Add Two Numbers

You are given two linked lists representing two non-negative numbers. The digits are stored in reverse order and each of their nodes contain a single digit. Add the two numbers and return it as a linked list.

Input: (2 -> 4 -> 3) + (5 -> 6 -> 4)
Output: 7 -> 0 -> 8

思路：将两个链表从表头开始逐个相加，遇到大于10的则向后一节点进1。使用两个指针分别指向两个链表，且进位值用mod记录，如果一个链表没有结束，则将这个链表的剩余部分添加进去，注意进位。

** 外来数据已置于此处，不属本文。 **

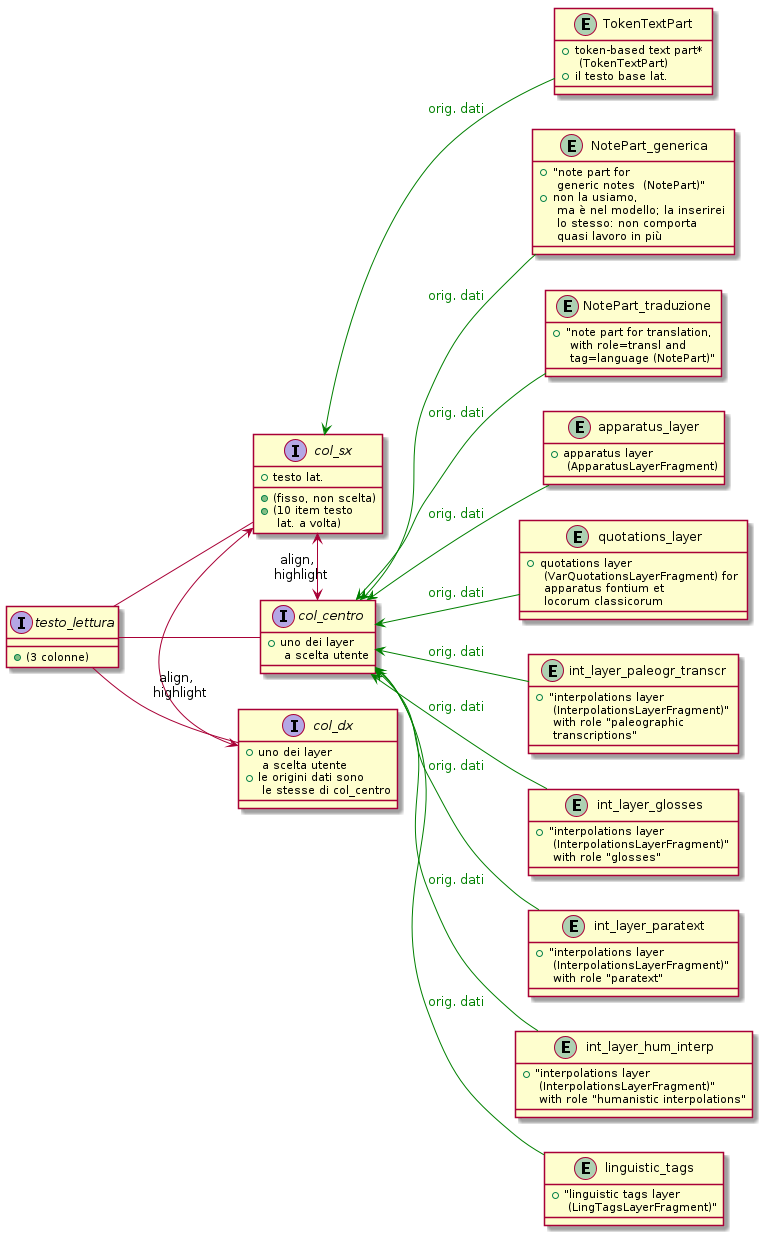

The diagram above was rendered by PlantUML. Its source (embedded in the PNG):
@startuml

left to right direction


interface testo_lettura {
    + (3 colonne)
}

testo_lettura -- col_sx
testo_lettura -- col_centro
testo_lettura -- col_dx



interface col_sx {
    + testo lat.
    + (fisso, non scelta)
    + (10 item testo \n lat. a volta)
}

entity TokenTextPart {
    + token-based text part* \n (TokenTextPart)
    + il testo base lat.
}
TokenTextPart -up-> col_sx  #text:green;line:green : orig. dati




interface col_centro {
    + uno dei layer \n a scelta utente
}

interface col_dx {
    + uno dei layer \n a scelta utente
    + le origini dati sono \n le stesse di col_centro
}

col_sx <-> col_centro : align, \n highlight
col_sx <->  col_dx : align, \n highlight



entity NotePart_generica {
    + "note part for \n generic notes  (NotePart)"
    + non la usiamo, \n ma è nel modello; la inserirei \n lo stesso: non comporta \n quasi lavoro in più
}
NotePart_generica -up-> col_centro  #text:green;line:green : orig. dati

entity NotePart_traduzione {
    + "note part for translation, \n with role=transl and \n tag=language (NotePart)"
}
NotePart_traduzione -up-> col_centro  #text:green;line:green : orig. dati


 
entity apparatus_layer {
    + apparatus layer \n (ApparatusLayerFragment)
}
apparatus_layer -up-> col_centro  #text:green;line:green : orig. dati


entity quotations_layer {
    + quotations layer \n (VarQuotationsLayerFragment) for \n apparatus fontium et \n locorum classicorum
}
quotations_layer -up-> col_centro  #text:green;line:green : orig. dati

entity int_layer_paleogr_transcr {
    + "interpolations layer \n (InterpolationsLayerFragment)" \n with role "paleographic \n transcriptions"
}
int_layer_paleogr_transcr -up-> col_centro  #text:green;line:green : orig. dati

entity int_layer_glosses {
    + "interpolations layer \n (InterpolationsLayerFragment)" \n with role "glosses"
}
int_layer_glosses -up-> col_centro  #text:green;line:green : orig. dati

entity int_layer_paratext {
    + "interpolations layer \n (InterpolationsLayerFragment)" \n with role "paratext"
}
int_layer_paratext -up-> col_centro  #text:green;line:green : orig. dati

entity int_layer_hum_interp {
    + "interpolations layer \n (InterpolationsLayerFragment)" \n with role "humanistic interpolations"
}
int_layer_hum_interp -up-> col_centro  #text:green;line:green : orig. dati

entity linguistic_tags {
    + "linguistic tags layer \n (LingTagsLayerFragment)"
}
linguistic_tags -up-> col_centro  #text:green;line:green : orig. dati
@enduml

如果都结束了，但最后一位出现了进位，则要添加一个结点到新链表中。

/**

 * Definition for singly-linked list.

 * struct ListNode {

 *     int val;

 *     ListNode *next;

 *     ListNode(int x) : val(x), next(NULL) {}

 * };

 */

class Solution {

public:

    ListNode *addTwoNumbers(ListNode *l1, ListNode *l2) {

        if(l1==NULL)

            return l2;

        else if(l2==NULL)

            return l1;

        ListNode *lHead=NULL;

        ListNode *pList=NULL;

        int mod=0;

        while(l1!=NULL&&l2!=NULL)

        {

            int temp=l1->val+l2->val+mod;

            mod=temp/10;

            temp%=10;

            if(lHead==NULL)

            {

                lHead=new ListNode(temp);

                pList=lHead;

            }

            else

            {

                pList->next=new ListNode(temp);

                pList=pList->next;

            }

            l1=l1->next;

            l2=l2->next;

        }

        while(l1!=NULL)

        {

            int temp=l1->val+mod;

            mod=temp/10;

            temp%=10;

            if(lHead==NULL)

            {

                lHead=new ListNode(temp);

                pList=lHead;

            }

            else

            {

                pList->next=new ListNode(temp);

                pList=pList->next;

            }

            l1=l1->next;

        }

        while(l2!=NULL)

        {

            int temp=l2->val+mod;

            mod=temp/10;

            temp%=10;

            if(lHead==NULL)

            {

                lHead=new ListNode(temp);

                pList=lHead;

            }

            else

            {

                pList->next=new ListNode(temp);

                pList=pList->next;

            }

            l2=l2->next;

        }

        if(mod!=0)//注意这里。

            pList->next=new ListNode(mod);

        return lHead;

    }

};

 借用网上大神的代码比较简洁，但是思路差不多。

/**

 * Definition for singly-linked list.

 * struct ListNode {

 *     int val;

 *     ListNode *next;

 *     ListNode(int x) : val(x), next(NULL) {}

 * };

 */

class Solution {

public:

    ListNode *addTwoNumbers(ListNode *l1, ListNode *l2) {

        if(l1==NULL)

            return l2;

        else if(l2==NULL)

            return l1;

        ListNode dummy(0);

        ListNode *pHead=&dummy;

        int carry=0;

        while(l1!=NULL||l2!=NULL||carry!=0)

        {

            int a=0,b=0;

            if(l1!=NULL)

            {

                a=l1->val;

                l1=l1->next;

            }

            if(l2!=NULL)

            {

                b=l2->val;

                l2=l2->next;

            }

            int sum=a+b+carry;

            carry=sum/10;

            sum%=10;

            pHead->next=new ListNode(sum);

            pHead=pHead->next;

        }

        return dummy.next;

    }

};